Tuesday, 03 February 2009

  • I've Got Hurt Feelings

    I think that line about "it's better to have loved and lost than never have loved at all" is total bullshit.  Atleast having love so close to your grasp and then getting your heart stomped isn't as good as not having it near ever.

    Short Version:  Me and my friends were prematurely celebrating winning 800 dollars* each on a Super Bowl pool before our souls were incinerated by the Steelers winning drive.

    Longer Version:  We were doing this square game for the Superbowl.  I would explain it but I don't want to and that's what the internet is for.  We had the numbers 3 and 0 as ours.  We had to hit miracle after miracle and the score was 23-20 with something like 2 minutes left.  If the Cardinals hold, the $3200 jackpot is ours.  The money was right there!

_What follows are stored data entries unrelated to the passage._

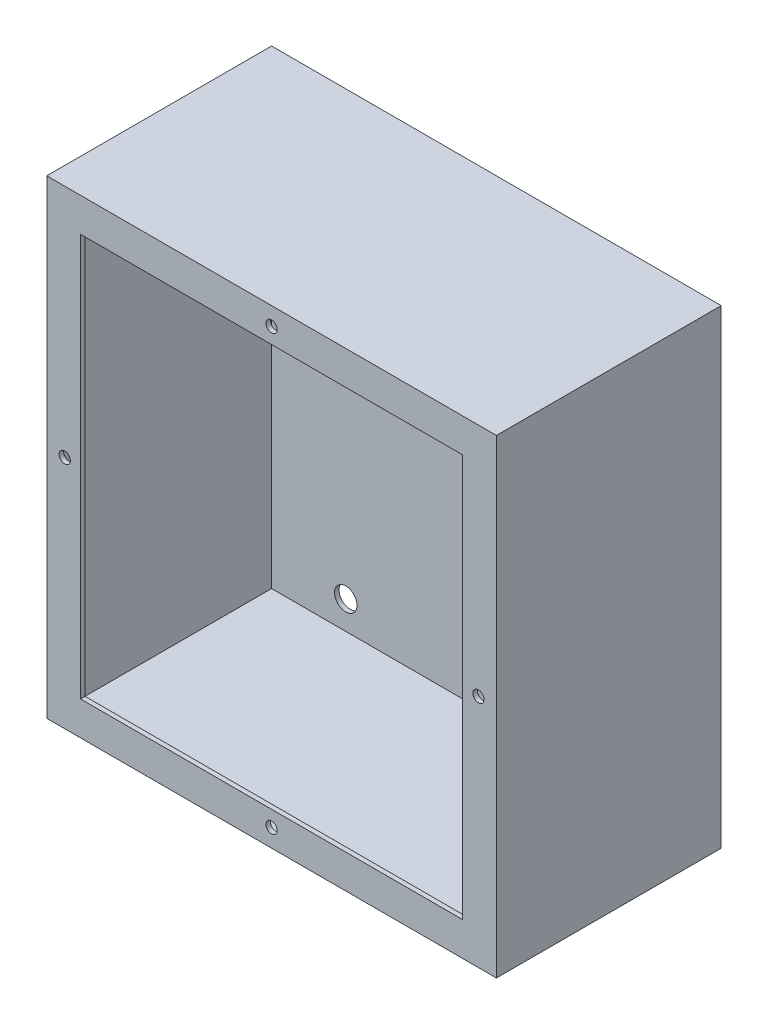
from build123d import *

# Parameters (mm, degrees)
SKETCH_1_W          = 200
SKETCH_1_H          = 209
EXTRUDE_1_DEPTH     = 100
SHELL_1_T           = -2
SKETCH_2_W          = 196
SKETCH_2_H          = 205
SKETCH_2_W_2        = 170
SKETCH_2_H_2        = 179
EXTRUDE_2_DEPTH     = 2
SKETCH_3_R          = 5
CUT_EXTRUDE_1_DEPTH = 22
SKETCH_4_R          = 2.5
CUT_EXTRUDE_2_DEPTH = 10


with BuildPart() as part:
    # 草图1 → 拉伸1 (new body)
    with BuildSketch(Plane.XY):
        with Locations((100, -104.5)):
            Rectangle(SKETCH_1_W, SKETCH_1_H)
    extrude(amount=EXTRUDE_1_DEPTH)

    # 抽壳1
    shell_1_openings = [part.faces().sort_by_distance(p)[0] for p in [
        (100, -104.5, 100),
    ]]
    offset(amount=SHELL_1_T, openings=shell_1_openings, kind=Kind.INTERSECTION)

    # 草图2 → 拉伸2 (add)
    with BuildSketch(Plane.XY.offset(100)):
        with Locations((100, -104.5)):
            Rectangle(SKETCH_2_W, SKETCH_2_H)
        with Locations((100, -104.5)):
            Rectangle(SKETCH_2_W_2, SKETCH_2_H_2, mode=Mode.SUBTRACT)
    extrude(amount=-EXTRUDE_2_DEPTH)

    # 草图3 → 切除-拉伸1 (cut)
    with BuildSketch(Plane(origin=(0, 0, 0), x_dir=(-1, 0, 0), z_dir=(0, 0, -1))):
        with Locations((-165, -14.5)):
            Circle(SKETCH_3_R)
        with Locations((-35, -14.5)):
            Circle(SKETCH_3_R)
        with Locations((-165, -194.5)):
            Circle(SKETCH_3_R)
        with Locations((-35, -194.5)):
            Circle(SKETCH_3_R)
    extrude(amount=-CUT_EXTRUDE_1_DEPTH, mode=Mode.SUBTRACT)

    # 草图4 → 切除-拉伸2 (cut)
    with BuildSketch(Plane.XY.offset(100)):
        with Locations((100, -8)):
            Circle(SKETCH_4_R)
        with Locations((192, -104.5)):
            Circle(SKETCH_4_R)
        with Locations((8, -104.5)):
            Circle(SKETCH_4_R)
        with Locations((100, -201)):
            Circle(SKETCH_4_R)
    extrude(amount=-CUT_EXTRUDE_2_DEPTH, mode=Mode.SUBTRACT)


solid = part.part
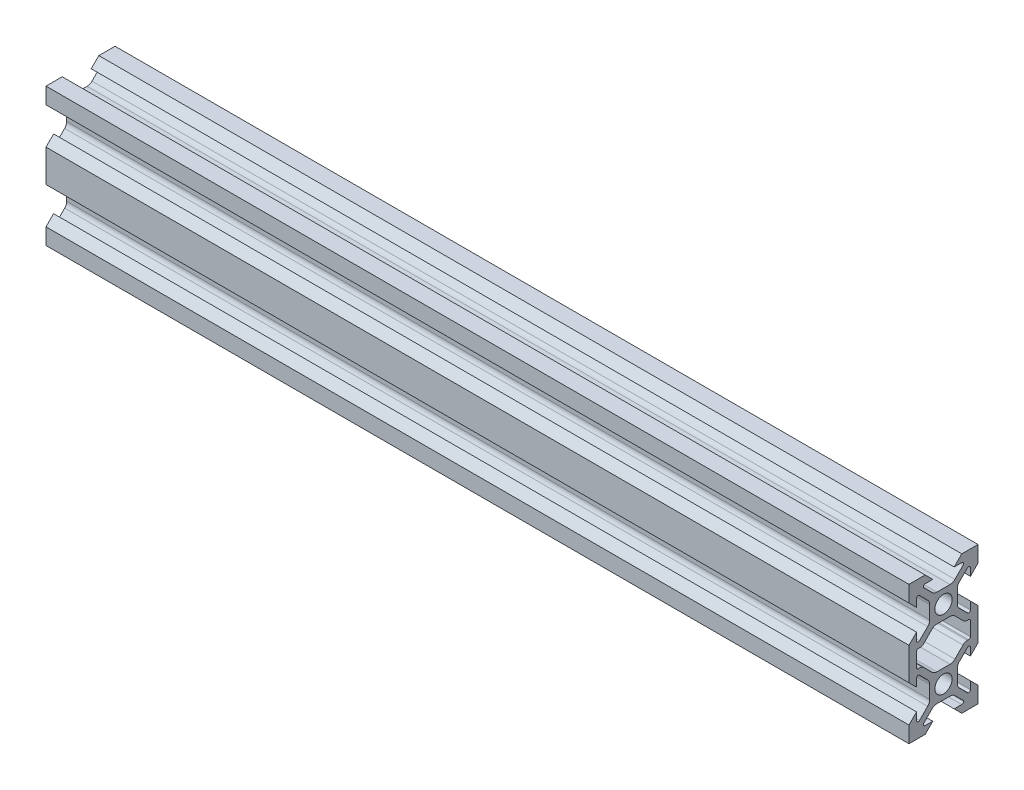
from build123d import *

# Parameters (mm, degrees)
SKETCH1_R           = 2.5
BOSS_EXTRUDE1_DEPTH = 250


with BuildPart() as part:
    # Sketch1 → Boss-Extrude1 (new body)
    with BuildSketch(Plane(origin=(0, 0, 0), x_dir=(0, 0, -1), z_dir=(1, 0, 0))):
        with BuildLine():
            Line((-10, 10), (-10, 5.3))
            Line((-10, 5.3), (-7.8, 3.1))
            Line((-7.8, 3.1), (-7.8, 5.320101013))
            ThreePointArc((-7.8, 5.320101013), (-7.491341716, 5.782040779), (-6.946446609, 5.673654403))
            Line((-6.946446609, 5.673654403), (-4.585786438, 3.312994231))
            ThreePointArc((-4.585786438, 3.312994231), (-4.152240935, 2.664147534), (-4, 1.898780669))
            Line((-4, 1.898780669), (-4, 0))
            Line((-4, 0), (-4, -1.898780669))
            ThreePointArc((-4, -1.898780669), (-4.152240935, -2.664147534), (-4.585786438, -3.312994231))
            Line((-4.585786438, -3.312994231), (-6.946446609, -5.673654403))
            ThreePointArc((-6.946446609, -5.673654403), (-7.491341716, -5.782040779), (-7.8, -5.320101013))
            Line((-7.8, -5.320101013), (-7.8, -3.1))
            Line((-7.8, -3.1), (-10, -5.3))
            Line((-10, -5.3), (-10, -14.7))
            Line((-10, -14.7), (-7.8, -16.9))
            Line((-7.8, -16.9), (-7.8, -14.679898987))
            ThreePointArc((-7.8, -14.679898987), (-7.491341716, -14.217959221), (-6.946446609, -14.326345597))
            Line((-6.946446609, -14.326345597), (-4.585786438, -16.687005769))
            ThreePointArc((-4.585786438, -16.687005769), (-4.152240935, -17.335852466), (-4, -18.101219331))
            Line((-4, -18.101219331), (-4, -20))
            Line((-4, -20), (-4, -21.898780669))
            ThreePointArc((-4, -21.898780669), (-4.152240935, -22.664147534), (-4.585786438, -23.312994231))
            Line((-4.585786438, -23.312994231), (-6.946446609, -25.673654403))
            ThreePointArc((-6.946446609, -25.673654403), (-7.491341716, -25.782040779), (-7.8, -25.320101013))
            Line((-7.8, -25.320101013), (-7.8, -23.1))
            Line((-7.8, -23.1), (-10, -25.3))
            Line((-10, -25.3), (-10, -30))
            Line((-10, -30), (-5.3, -30))
            Line((-5.3, -30), (-3.1, -27.8))
            Line((-3.1, -27.8), (-5.320101013, -27.8))
            ThreePointArc((-5.320101013, -27.8), (-5.782040779, -27.491341716), (-5.673654403, -26.946446609))
            Line((-5.673654403, -26.946446609), (-3.312994231, -24.585786438))
            ThreePointArc((-3.312994231, -24.585786438), (-2.664147534, -24.152240935), (-1.898780669, -24))
            Line((-1.898780669, -24), (1.898780669, -24))
            ThreePointArc((1.898780669, -24), (2.664147534, -24.152240935), (3.312994231, -24.585786438))
            Line((3.312994231, -24.585786438), (5.673654403, -26.946446609))
            ThreePointArc((5.673654403, -26.946446609), (5.782040779, -27.491341716), (5.320101013, -27.8))
            Line((5.320101013, -27.8), (3.1, -27.8))
            Line((3.1, -27.8), (5.3, -30))
            Line((5.3, -30), (10, -30))
            Line((10, -30), (10, -25.3))
            Line((10, -25.3), (7.8, -23.1))
            Line((7.8, -23.1), (7.8, -25.320101013))
            ThreePointArc((7.8, -25.320101013), (7.491341716, -25.782040779), (6.946446609, -25.673654403))
            Line((6.946446609, -25.673654403), (4.585786438, -23.312994231))
            ThreePointArc((4.585786438, -23.312994231), (4.152240935, -22.664147534), (4, -21.898780669))
            Line((4, -21.898780669), (4, -20))
            Line((4, -20), (4, -18.101219331))
            ThreePointArc((4, -18.101219331), (4.152240935, -17.335852466), (4.585786438, -16.687005769))
            Line((4.585786438, -16.687005769), (6.946446609, -14.326345597))
            ThreePointArc((6.946446609, -14.326345597), (7.491341716, -14.217959221), (7.8, -14.679898987))
            Line((7.8, -14.679898987), (7.8, -16.9))
            Line((7.8, -16.9), (10, -14.7))
            Line((10, -14.7), (10, -5.3))
            Line((10, -5.3), (7.8, -3.1))
            Line((7.8, -3.1), (7.8, -5.320101013))
            ThreePointArc((7.8, -5.320101013), (7.491341716, -5.782040779), (6.946446609, -5.673654403))
            Line((6.946446609, -5.673654403), (4.585786438, -3.312994231))
            ThreePointArc((4.585786438, -3.312994231), (4.152240935, -2.664147534), (4, -1.898780669))
            Line((4, -1.898780669), (4, 0))
            Line((4, 0), (4, 1.898780669))
            ThreePointArc((4, 1.898780669), (4.152240935, 2.664147534), (4.585786438, 3.312994231))
            Line((4.585786438, 3.312994231), (6.946446609, 5.673654403))
            ThreePointArc((6.946446609, 5.673654403), (7.491341716, 5.782040779), (7.8, 5.320101013))
            Line((7.8, 5.320101013), (7.8, 3.1))
            Line((7.8, 3.1), (10, 5.3))
            Line((10, 5.3), (10, 10))
            Line((10, 10), (5.3, 10))
            Line((5.3, 10), (3.1, 7.8))
            Line((3.1, 7.8), (5.320101013, 7.8))
            ThreePointArc((5.320101013, 7.8), (5.782040779, 7.491341716), (5.673654403, 6.946446609))
            Line((5.673654403, 6.946446609), (3.312994231, 4.585786438))
            ThreePointArc((3.312994231, 4.585786438), (2.664147534, 4.152240935), (1.898780669, 4))
            Line((1.898780669, 4), (-1.898780669, 4))
            ThreePointArc((-1.898780669, 4), (-2.664147534, 4.152240935), (-3.312994231, 4.585786438))
            Line((-3.312994231, 4.585786438), (-5.673654403, 6.946446609))
            ThreePointArc((-5.673654403, 6.946446609), (-5.782040779, 7.491341716), (-5.320101013, 7.8))
            Line((-5.320101013, 7.8), (-3.1, 7.8))
            Line((-3.1, 7.8), (-5.3, 10))
            Line((-5.3, 10), (-10, 10))
        make_face()
        Circle(SKETCH1_R, mode=Mode.SUBTRACT)
        with Locations(Location((0, -20, 0), (0, 0, 180))):
            Circle(SKETCH1_R, mode=Mode.SUBTRACT)
        with BuildLine():
            Line((-5.673654403, -6.946446609), (-3.312994231, -4.585786438))
            ThreePointArc((-3.312994231, -4.585786438), (-2.664147534, -4.152240935), (-1.898780669, -4))
            Line((-1.898780669, -4), (1.898780669, -4))
            ThreePointArc((1.898780669, -4), (2.664147534, -4.152240935), (3.312994231, -4.585786438))
            Line((3.312994231, -4.585786438), (5.673654403, -6.946446609))
            ThreePointArc((5.673654403, -6.946446609), (6.257616431, -7.336637562), (6.946446609, -7.473654403))
            Line((6.946446609, -7.473654403), (7.3, -7.473654403))
            ThreePointArc((7.3, -7.473654403), (7.653553391, -7.620101013), (7.8, -7.973654403))
            Line((7.8, -7.973654403), (7.8, -12.026345597))
            ThreePointArc((7.8, -12.026345597), (7.653553391, -12.379898987), (7.3, -12.526345597))
            Line((7.3, -12.526345597), (6.946446609, -12.526345597))
            ThreePointArc((6.946446609, -12.526345597), (6.257616431, -12.663362438), (5.673654403, -13.053553391))
            Line((5.673654403, -13.053553391), (3.312994231, -15.414213562))
            ThreePointArc((3.312994231, -15.414213562), (2.664147534, -15.847759065), (1.898780669, -16))
            Line((1.898780669, -16), (-1.898780669, -16))
            ThreePointArc((-1.898780669, -16), (-2.664147534, -15.847759065), (-3.312994231, -15.414213562))
            Line((-3.312994231, -15.414213562), (-5.673654403, -13.053553391))
            ThreePointArc((-5.673654403, -13.053553391), (-6.257616431, -12.663362438), (-6.946446609, -12.526345597))
            Line((-6.946446609, -12.526345597), (-7.3, -12.526345597))
            ThreePointArc((-7.3, -12.526345597), (-7.653553391, -12.379898987), (-7.8, -12.026345597))
            Line((-7.8, -12.026345597), (-7.8, -7.973654403))
            ThreePointArc((-7.8, -7.973654403), (-7.653553391, -7.620101013), (-7.3, -7.473654403))
            Line((-7.3, -7.473654403), (-6.946446609, -7.473654403))
            ThreePointArc((-6.946446609, -7.473654403), (-6.257616431, -7.336637562), (-5.673654403, -6.946446609))
        make_face(mode=Mode.SUBTRACT)
    extrude(amount=BOSS_EXTRUDE1_DEPTH)


solid = part.part

    After Fitzgerald's 70+ yard touchdown, we were dancing and singing and probably fondling eachother (all male) in delight.  But no.  We were all then blindsinded in a manner that has forced me to not be able to watch Superbowl Highlights or listen to my usual sports radio shows. 

    At least we weren't directly in charge of our fates.  I've always had this horrible nightmare of being picked to shoot like a half-court shot or kick a field goal for one million dollars and then blowing it.  I would end myself on the spot.  I could never forgive myself.  Atleast this way, I didn't make any wrong choices, it was just random luck.  And unluck.  So no regret, just pain.  My Prediction: pain.

    Other than that, all I look forward to is being asleep.  I don't think that's a good sign.  Gambling is a cruel mistress.  And a cruel bedfellow. 

    I have no idea how my vocabulary works.  It's like my 760 SAT verbal wasn't a sham after all.  I somehow pulled the word "parry" today.  Why, I never think about fencing, ever. 

    I haven't started my new book because I don't feel like going into binge mode and staying up all night to finish it right now.  It's like, I know all of my bad habits, but it's hard for me to fight them.  I'm not just my own worst enemy, but my own arch-nemesis.  And I couldn't have picked a better opponent.

    * To legal entities or concerned parties: any mention of gambling or gambling type activities/transactions mentioned herein are entirely fictional and fabricated for entertainment, or involve only the transfer of "points" which are not transferable to a monetary currency that would cause or seem to cause any violations of laws: state, federal, worldly, or other-worldly.  As far as you know.